Reviewed by Ewart Shaw, Thursday 6th May 2021.
Euphoria is a play with purpose. It is very funny but, when that serious purpose surfaces, we have become such a part of the story that that purpose hits home. Emily Steel draws on conversations she had in country towns, to create the vernacular dialogue, identifying each of the many characters who appear.
Director, Nescha Jelk, brings a lot of fun, and a real understanding of people, into her vision of the play The audience is drawn straight into the action and held right to the last minute.
Two single actors, Ashton Malcolm and
James Smith, bring you a country town, where everybody knows everything, but secrets are kept and some things are just not spoken about. When that code of silence is broken, two stories emerge. Ashton Malcolm is Meg, the teacher who's been there for ten years and hopes she'll be regarded as a local. She wants to create a festival for the town. She is also, as the Americans would say 'off her meds'.
James Smith is surly Ethan, cocky and brash. Malcolm is his best mate, the girl he falls for, and the pizza shop owner. Smith is her husband, Nick, her headmaster and, indeed, his own mother, Shawna, the postmistress.

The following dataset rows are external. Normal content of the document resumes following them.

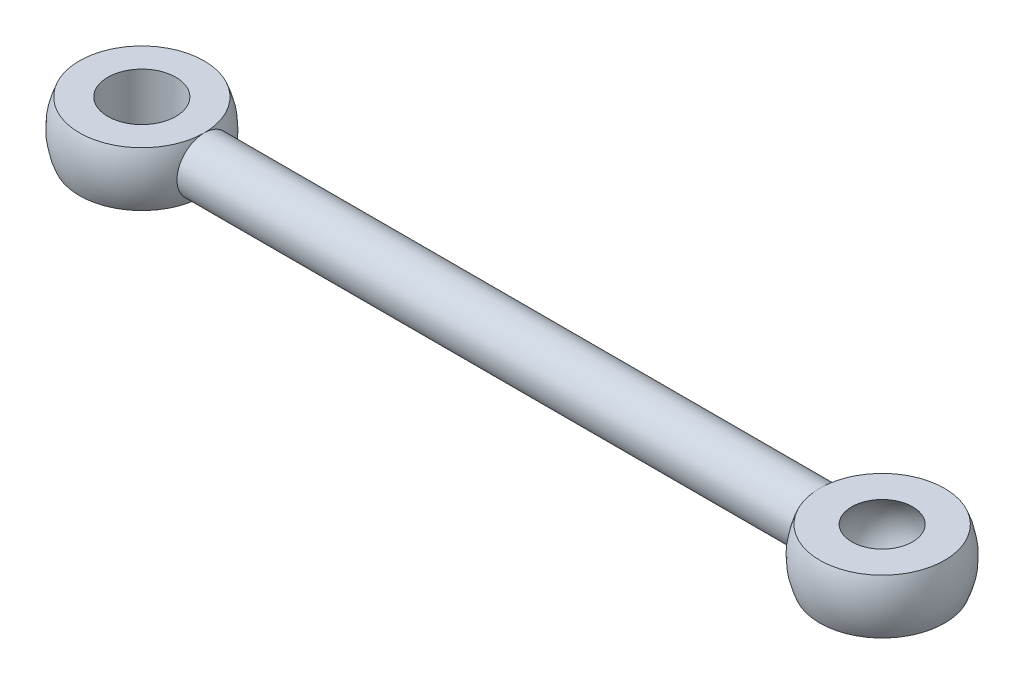
ISO-10303-21;
HEADER;
FILE_DESCRIPTION(('STEP AP214'),'2;1');
FILE_NAME('part.step','',(''),(''),'','','');
FILE_SCHEMA(('AUTOMOTIVE_DESIGN { 1 0 10303 214 1 1 1 1 }'));
ENDSEC;
DATA;
#1=APPLICATION_CONTEXT('core data for automotive mechanical design processes');
#2=APPLICATION_PROTOCOL_DEFINITION('international standard','automotive_design',2000,#1);
#3=PRODUCT_CONTEXT('',#1,'mechanical');
#4=PRODUCT('Part','Part','',(#3));
#5=PRODUCT_RELATED_PRODUCT_CATEGORY('part','',(#4));
#6=PRODUCT_DEFINITION_FORMATION('','',#4);
#7=PRODUCT_DEFINITION_CONTEXT('part definition',#1,'design');
#8=PRODUCT_DEFINITION('design','',#6,#7);
#9=PRODUCT_DEFINITION_SHAPE('','',#8);
#10=(LENGTH_UNIT() NAMED_UNIT(*) SI_UNIT(.MILLI.,.METRE.));
#11=(NAMED_UNIT(*) PLANE_ANGLE_UNIT() SI_UNIT($,.RADIAN.));
#12=(NAMED_UNIT(*) SI_UNIT($,.STERADIAN.) SOLID_ANGLE_UNIT());
#13=UNCERTAINTY_MEASURE_WITH_UNIT(LENGTH_MEASURE(1.E-05),#10,'distance_accuracy_value','');
#14=(GEOMETRIC_REPRESENTATION_CONTEXT(3) GLOBAL_UNCERTAINTY_ASSIGNED_CONTEXT((#13)) GLOBAL_UNIT_ASSIGNED_CONTEXT((#10,
#11,#12)) REPRESENTATION_CONTEXT('',''));
#15=CARTESIAN_POINT('',(0.,0.,0.));
#16=DIRECTION('',(0.,0.,1.));
#17=DIRECTION('',(1.,0.,0.));
#18=AXIS2_PLACEMENT_3D('',#15,#16,#17);
#19=CARTESIAN_POINT('',(-18.7015718787087,0.,0.));
#20=DIRECTION('',(1.,0.,0.));
#21=DIRECTION('',(0.,1.,0.));
#22=AXIS2_PLACEMENT_3D('',#19,#20,#21);
#23=SPHERICAL_SURFACE('',#22,5.);
#24=CARTESIAN_POINT('',(-18.7015718787087,1.99999999999999,0.));
#25=DIRECTION('',(0.,1.,0.));
#26=DIRECTION('',(0.,0.,1.));
#27=AXIS2_PLACEMENT_3D('',#24,#25,#26);
#28=CIRCLE('',#27,4.58257569495584);
#29=CARTESIAN_POINT('',(-14.1189961837528,1.99999999999999,0.));
#30=VERTEX_POINT('',#29);
#31=EDGE_CURVE('E11',#30,#30,#28,.F.);
#32=ORIENTED_EDGE('',*,*,#31,.T.);
#33=CARTESIAN_POINT('',(-14.1189961837528,0.,0.));
#34=DIRECTION('',(1.,0.,0.));
#35=DIRECTION('',(0.,1.,0.));
#36=AXIS2_PLACEMENT_3D('',#33,#34,#35);
#37=CIRCLE('',#36,2.00000000000001);
#38=CARTESIAN_POINT('',(-14.1189961837528,-2.00000000000002,0.));
#39=VERTEX_POINT('',#38);
#40=EDGE_CURVE('E70',#39,#30,#37,.T.);
#41=ORIENTED_EDGE('',*,*,#40,.F.);
#42=CARTESIAN_POINT('',(-18.7015718787087,-2.00000000000002,0.));
#43=DIRECTION('',(0.,-1.,0.));
#44=DIRECTION('',(0.,0.,-1.));
#45=AXIS2_PLACEMENT_3D('',#42,#43,#44);
#46=CIRCLE('',#45,4.58257569495584);
#47=EDGE_CURVE('E48',#39,#39,#46,.F.);
#48=ORIENTED_EDGE('',*,*,#47,.T.);
#49=EDGE_CURVE('E68',#30,#39,#37,.T.);
#50=ORIENTED_EDGE('',*,*,#49,.F.);
#51=EDGE_LOOP('',(#32,#41,#48,#50));
#52=FACE_BOUND('',#51,.T.);
#53=ADVANCED_FACE('F39',(#52),#23,.T.);
#54=CARTESIAN_POINT('',(35.6984281212913,0.,0.));
#55=DIRECTION('',(1.,0.,0.));
#56=DIRECTION('',(0.,-1.,0.));
#57=AXIS2_PLACEMENT_3D('',#54,#55,#56);
#58=SPHERICAL_SURFACE('',#57,5.);
#59=CARTESIAN_POINT('',(31.1158524263355,0.,0.));
#60=DIRECTION('',(1.,0.,0.));
#61=DIRECTION('',(0.,1.,0.));
#62=AXIS2_PLACEMENT_3D('',#59,#60,#61);
#63=CIRCLE('',#62,2.);
#64=CARTESIAN_POINT('',(31.1158524263355,-1.99999999999999,0.));
#65=VERTEX_POINT('',#64);
#66=CARTESIAN_POINT('',(31.1158524263355,1.99999999999999,0.));
#67=VERTEX_POINT('',#66);
#68=EDGE_CURVE('E88',#65,#67,#63,.T.);
#69=ORIENTED_EDGE('',*,*,#68,.T.);
#70=CARTESIAN_POINT('',(35.6984281212913,2.,0.));
#71=DIRECTION('',(0.,1.,0.));
#72=DIRECTION('',(0.,0.,1.));
#73=AXIS2_PLACEMENT_3D('',#70,#71,#72);
#74=CIRCLE('',#73,4.58257569495584);
#75=EDGE_CURVE('E58',#67,#67,#74,.F.);
#76=ORIENTED_EDGE('',*,*,#75,.T.);
#77=EDGE_CURVE('E84',#67,#65,#63,.T.);
#78=ORIENTED_EDGE('',*,*,#77,.T.);
#79=CARTESIAN_POINT('',(35.6984281212913,-1.99999999999999,0.));
#80=DIRECTION('',(0.,-1.,0.));
#81=DIRECTION('',(0.,0.,-1.));
#82=AXIS2_PLACEMENT_3D('',#79,#80,#81);
#83=CIRCLE('',#82,4.58257569495584);
#84=EDGE_CURVE('E53',#65,#65,#83,.F.);
#85=ORIENTED_EDGE('',*,*,#84,.T.);
#86=EDGE_LOOP('',(#69,#76,#78,#85));
#87=FACE_BOUND('',#86,.T.);
#88=ADVANCED_FACE('F41',(#87),#58,.T.);
#89=CARTESIAN_POINT('',(40.6984281212913,0.,0.));
#90=DIRECTION('',(1.,0.,0.));
#91=DIRECTION('',(0.,1.,0.));
#92=AXIS2_PLACEMENT_3D('',#89,#90,#91);
#93=CYLINDRICAL_SURFACE('',#92,2.);
#94=ORIENTED_EDGE('',*,*,#49,.T.);
#95=ORIENTED_EDGE('',*,*,#40,.T.);
#96=EDGE_LOOP('',(#94,#95));
#97=FACE_BOUND('',#96,.T.);
#98=ORIENTED_EDGE('',*,*,#77,.F.);
#99=ORIENTED_EDGE('',*,*,#68,.F.);
#100=EDGE_LOOP('',(#98,#99));
#101=FACE_BOUND('',#100,.T.);
#102=ADVANCED_FACE('F111',(#97,#101),#93,.T.);
#103=CARTESIAN_POINT('',(31.1158524263355,-1.99999999999999,30.));
#104=DIRECTION('',(0.,-1.,0.));
#105=DIRECTION('',(0.,0.,-1.));
#106=AXIS2_PLACEMENT_3D('',#103,#104,#105);
#107=PLANE('',#106);
#108=CARTESIAN_POINT('',(35.6984281212913,-1.99999999999999,0.));
#109=DIRECTION('',(0.,-1.,0.));
#110=DIRECTION('',(0.,0.,-1.));
#111=AXIS2_PLACEMENT_3D('',#108,#109,#110);
#112=CIRCLE('',#111,2.2360679774998);
#113=CARTESIAN_POINT('',(35.6984281212913,-1.99999999999999,-2.2360679774998));
#114=VERTEX_POINT('',#113);
#115=EDGE_CURVE('E79',#114,#114,#112,.F.);
#116=ORIENTED_EDGE('',*,*,#115,.T.);
#117=EDGE_LOOP('',(#116));
#118=FACE_BOUND('',#117,.T.);
#119=ORIENTED_EDGE('',*,*,#84,.F.);
#120=EDGE_LOOP('',(#119));
#121=FACE_BOUND('',#120,.T.);
#122=ADVANCED_FACE('F120',(#118,#121),#107,.T.);
#123=CARTESIAN_POINT('',(31.1158524263355,2.,30.));
#124=DIRECTION('',(0.,1.,0.));
#125=DIRECTION('',(0.,0.,1.));
#126=AXIS2_PLACEMENT_3D('',#123,#124,#125);
#127=PLANE('',#126);
#128=CARTESIAN_POINT('',(35.6984281212913,2.,0.));
#129=DIRECTION('',(0.,1.,0.));
#130=DIRECTION('',(0.,0.,1.));
#131=AXIS2_PLACEMENT_3D('',#128,#129,#130);
#132=CIRCLE('',#131,2.23606797749979);
#133=CARTESIAN_POINT('',(35.6984281212913,2.,2.23606797749979));
#134=VERTEX_POINT('',#133);
#135=EDGE_CURVE('E76',#134,#134,#132,.F.);
#136=ORIENTED_EDGE('',*,*,#135,.T.);
#137=EDGE_LOOP('',(#136));
#138=FACE_BOUND('',#137,.T.);
#139=ORIENTED_EDGE('',*,*,#75,.F.);
#140=EDGE_LOOP('',(#139));
#141=FACE_BOUND('',#140,.T.);
#142=ADVANCED_FACE('F125',(#138,#141),#127,.T.);
#143=CARTESIAN_POINT('',(35.6984281212913,0.,0.));
#144=DIRECTION('',(0.,0.,-1.));
#145=DIRECTION('',(1.,0.,0.));
#146=AXIS2_PLACEMENT_3D('',#143,#144,#145);
#147=SPHERICAL_SURFACE('',#146,3.);
#148=CARTESIAN_POINT('',(35.6984281212913,0.,0.));
#149=DIRECTION('',(0.,-1.,0.));
#150=DIRECTION('',(0.,0.,-1.));
#151=AXIS2_PLACEMENT_3D('',#148,#149,#150);
#152=SPHERICAL_SURFACE('',#151,3.);
#153=ORIENTED_EDGE('',*,*,#115,.F.);
#154=EDGE_LOOP('',(#153));
#155=FACE_BOUND('',#154,.T.);
#156=ORIENTED_EDGE('',*,*,#135,.F.);
#157=EDGE_LOOP('',(#156));
#158=FACE_BOUND('',#157,.T.);
#159=ADVANCED_FACE('F135',(#155,#158),#152,.F.);
#160=CARTESIAN_POINT('',(-14.1189961837528,-2.00000000000002,30.));
#161=DIRECTION('',(0.,-1.,0.));
#162=DIRECTION('',(0.,0.,-1.));
#163=AXIS2_PLACEMENT_3D('',#160,#161,#162);
#164=PLANE('',#163);
#165=CARTESIAN_POINT('',(-18.7015718787087,-2.00000000000002,0.));
#166=DIRECTION('',(0.,-1.,0.));
#167=DIRECTION('',(0.,0.,-1.));
#168=AXIS2_PLACEMENT_3D('',#165,#166,#167);
#169=CIRCLE('',#168,2.5);
#170=CARTESIAN_POINT('',(-18.7015718787087,-2.00000000000002,-2.5));
#171=VERTEX_POINT('',#170);
#172=EDGE_CURVE('E80',#171,#171,#169,.T.);
#173=ORIENTED_EDGE('',*,*,#172,.F.);
#174=EDGE_LOOP('',(#173));
#175=FACE_BOUND('',#174,.T.);
#176=ORIENTED_EDGE('',*,*,#47,.F.);
#177=EDGE_LOOP('',(#176));
#178=FACE_BOUND('',#177,.T.);
#179=ADVANCED_FACE('F107',(#175,#178),#164,.T.);
#180=CARTESIAN_POINT('',(-14.1189961837528,1.99999999999999,30.));
#181=DIRECTION('',(0.,1.,0.));
#182=DIRECTION('',(0.,0.,1.));
#183=AXIS2_PLACEMENT_3D('',#180,#181,#182);
#184=PLANE('',#183);
#185=CARTESIAN_POINT('',(-18.7015718787087,1.99999999999999,0.));
#186=DIRECTION('',(0.,1.,0.));
#187=DIRECTION('',(0.,0.,1.));
#188=AXIS2_PLACEMENT_3D('',#185,#186,#187);
#189=CIRCLE('',#188,2.5);
#190=CARTESIAN_POINT('',(-18.7015718787087,1.99999999999999,2.5));
#191=VERTEX_POINT('',#190);
#192=EDGE_CURVE('E97',#191,#191,#189,.T.);
#193=ORIENTED_EDGE('',*,*,#192,.F.);
#194=EDGE_LOOP('',(#193));
#195=FACE_BOUND('',#194,.T.);
#196=ORIENTED_EDGE('',*,*,#31,.F.);
#197=EDGE_LOOP('',(#196));
#198=FACE_BOUND('',#197,.T.);
#199=ADVANCED_FACE('F104',(#195,#198),#184,.T.);
#200=CARTESIAN_POINT('',(-18.7015718787087,-28.,0.));
#201=DIRECTION('',(0.,1.,0.));
#202=DIRECTION('',(0.,0.,1.));
#203=AXIS2_PLACEMENT_3D('',#200,#201,#202);
#204=CYLINDRICAL_SURFACE('',#203,2.5);
#205=ORIENTED_EDGE('',*,*,#172,.T.);
#206=EDGE_LOOP('',(#205));
#207=FACE_BOUND('',#206,.T.);
#208=ORIENTED_EDGE('',*,*,#192,.T.);
#209=EDGE_LOOP('',(#208));
#210=FACE_BOUND('',#209,.T.);
#211=ADVANCED_FACE('F102',(#207,#210),#204,.F.);
#212=CLOSED_SHELL('',(#53,#88,#102,#122,#142,#159,#179,#199,#211));
#213=MANIFOLD_SOLID_BREP('B2',#212);
#214=ADVANCED_BREP_SHAPE_REPRESENTATION('',(#18,#213),#14);
#215=SHAPE_DEFINITION_REPRESENTATION(#9,#214);
ENDSEC;
END-ISO-10303-21;

Malcolm's charting of Meg's growing mania is focussed and totally convincing. Smith articulates skilfully Ethan's emotional confusion and sense of betrayal.
The instantaneous changes of character are cued by Nick Mollison's lighting on Meg Wilson's imaginative set, far more versatile than at first it may appear. As it opens up, the story develops. As it comes apart, so does Meg. Ethan breaks down, and the table, and all the goodies, crash to the ground.
I'd have liked a little more of
Andrew Howard's music, the sound design being effective, the one really orchestral piece was a treat.
Among the production credits is one for a mental health professional, because this play will travel the state in the hope of allowing other stories to be told and understood, lives to be healed, and lives to be saved. It may be the salvation of people in small country towns and the biggest country town in the state, Adelaide.
Having been denied much live theatre for so long, I'm touched now by the craft of theatre, and of acting and of storytelling. Euphoria is an excellent example of all these things. I also note with immense pleasure that director, Nescha Jelk,
James Smith, and Ashton Malcolm are Flinders Drama graduates.